◆ Required action: Filter the data for "PARTREV" and copy matching lines.

◆ Supplied material:
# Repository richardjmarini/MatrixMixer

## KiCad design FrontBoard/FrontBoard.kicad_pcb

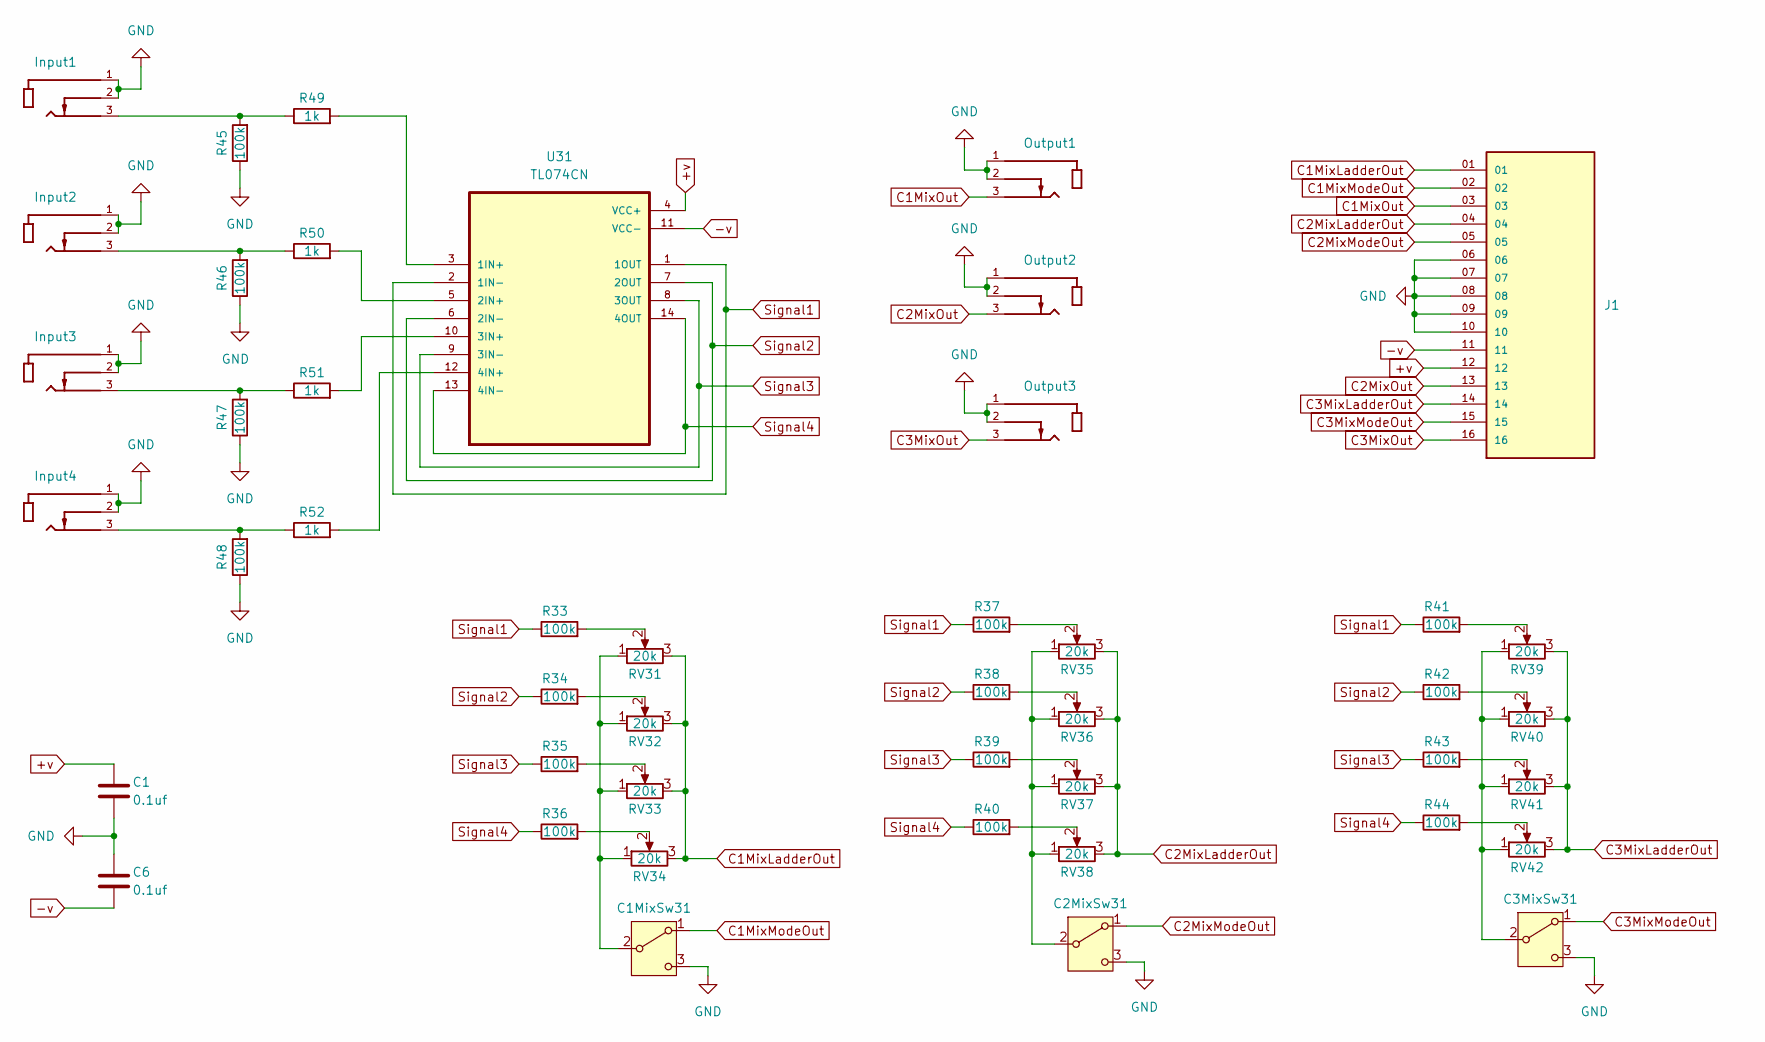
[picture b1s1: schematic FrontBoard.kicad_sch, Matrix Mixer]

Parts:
C1, C6: 0.1uf; C_Disc_D7.5mm_W4.4mm_P5.00mm
C1MixSw31, C2MixSw31, C3MixSw31: SW_SPDT; SW_100SP1T6B11M1REH
Input1, Input2, Input3, Input4: PJ398SM-12; THONK_PJ398SM-12; PARTREV 1
J1: ESQ-116-33-L-S; SAMTEC_ESQ-116-33-L-S; PARTREV R
Output1, Output2, Output3: PJ398SM-12; THONK_PJ398SM-12; PARTREV 1
R33, R34, R35, R36, R37, R38, R39, R40, R41, R42, R43, R44, R45, R46, R47, R48: 100k; R_Axial_DIN0207_L6.3mm_D2.5mm_P10.16mm_Horizontal
R49, R50, R51, R52: 1k; R_Axial_DIN0207_L6.3mm_D2.5mm_P10.16mm_Horizontal
RV31, RV32, RV33, RV34, RV35, RV36, RV37, RV38, RV39, RV40, RV41, RV42: 20k; Potentiometer_TT_P0915N
U31: TL074CN; DIP794W45P254L1969H508Q14

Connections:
+v: C1.1, J1.12, U31.4 (VCC+)
-v: C6.1, J1.11, U31.11 (VCC-)
C1MixLadderOut: J1.01, RV31.3, RV32.3, RV33.3, RV34.3
C1MixModeOut: C1MixSw31.1 (A), J1.02
C1MixOut: J1.03, Output1.3
C2MixLadderOut: J1.04, RV35.3, RV36.3, RV37.3, RV38.3
C2MixModeOut: C2MixSw31.1 (A), J1.05
C2MixOut: J1.13, Output2.3
C3MixLadderOut: J1.14, RV39.3, RV40.3, RV41.3, RV42.3
C3MixModeOut: C3MixSw31.1 (A), J1.15
C3MixOut: J1.16, Output3.3
GND: C1.2, C1MixSw31.3 (C), C2MixSw31.3 (C), C3MixSw31.3 (C), C6.2, Input1.1, Input1.2, Input2.1, Input2.2, Input3.1, Input3.2, Input4.1, Input4.2, J1.06, J1.07, J1.08, J1.09, J1.10, Output1.1, Output1.2, Output2.1, Output2.2, Output3.1, Output3.2, R45.1, R46.1, R47.1, R48.1
unnamed: C1MixSw31.2 (B), RV31.1, RV32.1, RV33.1, RV34.1
unnamed: C2MixSw31.2 (B), RV35.1, RV36.1, RV37.1, RV38.1
unnamed: C3MixSw31.2 (B), RV39.1, RV40.1, RV41.1, RV42.1
unnamed: Input1.3, R45.2, R49.1
unnamed: Input2.3, R46.2, R50.1
unnamed: Input3.3, R47.2, R51.1
unnamed: Input4.3, R48.2, R52.1
unnamed: R33.2, RV31.2
unnamed: R34.2, RV32.2
unnamed: R35.2, RV33.2
unnamed: R36.2, RV34.2
unnamed: R37.2, RV35.2
unnamed: R38.2, RV36.2
unnamed: R39.2, RV37.2
unnamed: R40.2, RV38.2
unnamed: R41.2, RV39.2
unnamed: R42.2, RV40.2
unnamed: R43.2, RV41.2
unnamed: R44.2, RV42.2
unnamed: R49.2, U31.3 (1IN+)
unnamed: R50.2, U31.5 (2IN+)
unnamed: R51.2, U31.10 (3IN+)
unnamed: R52.2, U31.12 (4IN+)
Signal1: R33.1, R37.1, R41.1, U31.1 (1OUT), U31.2 (1IN-)
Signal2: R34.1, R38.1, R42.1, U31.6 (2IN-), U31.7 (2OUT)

◆ Result:
Input1, Input2, Input3, Input4: PJ398SM-12; THONK_PJ398SM-12; PARTREV 1
J1: ESQ-116-33-L-S; SAMTEC_ESQ-116-33-L-S; PARTREV R
Output1, Output2, Output3: PJ398SM-12; THONK_PJ398SM-12; PARTREV 1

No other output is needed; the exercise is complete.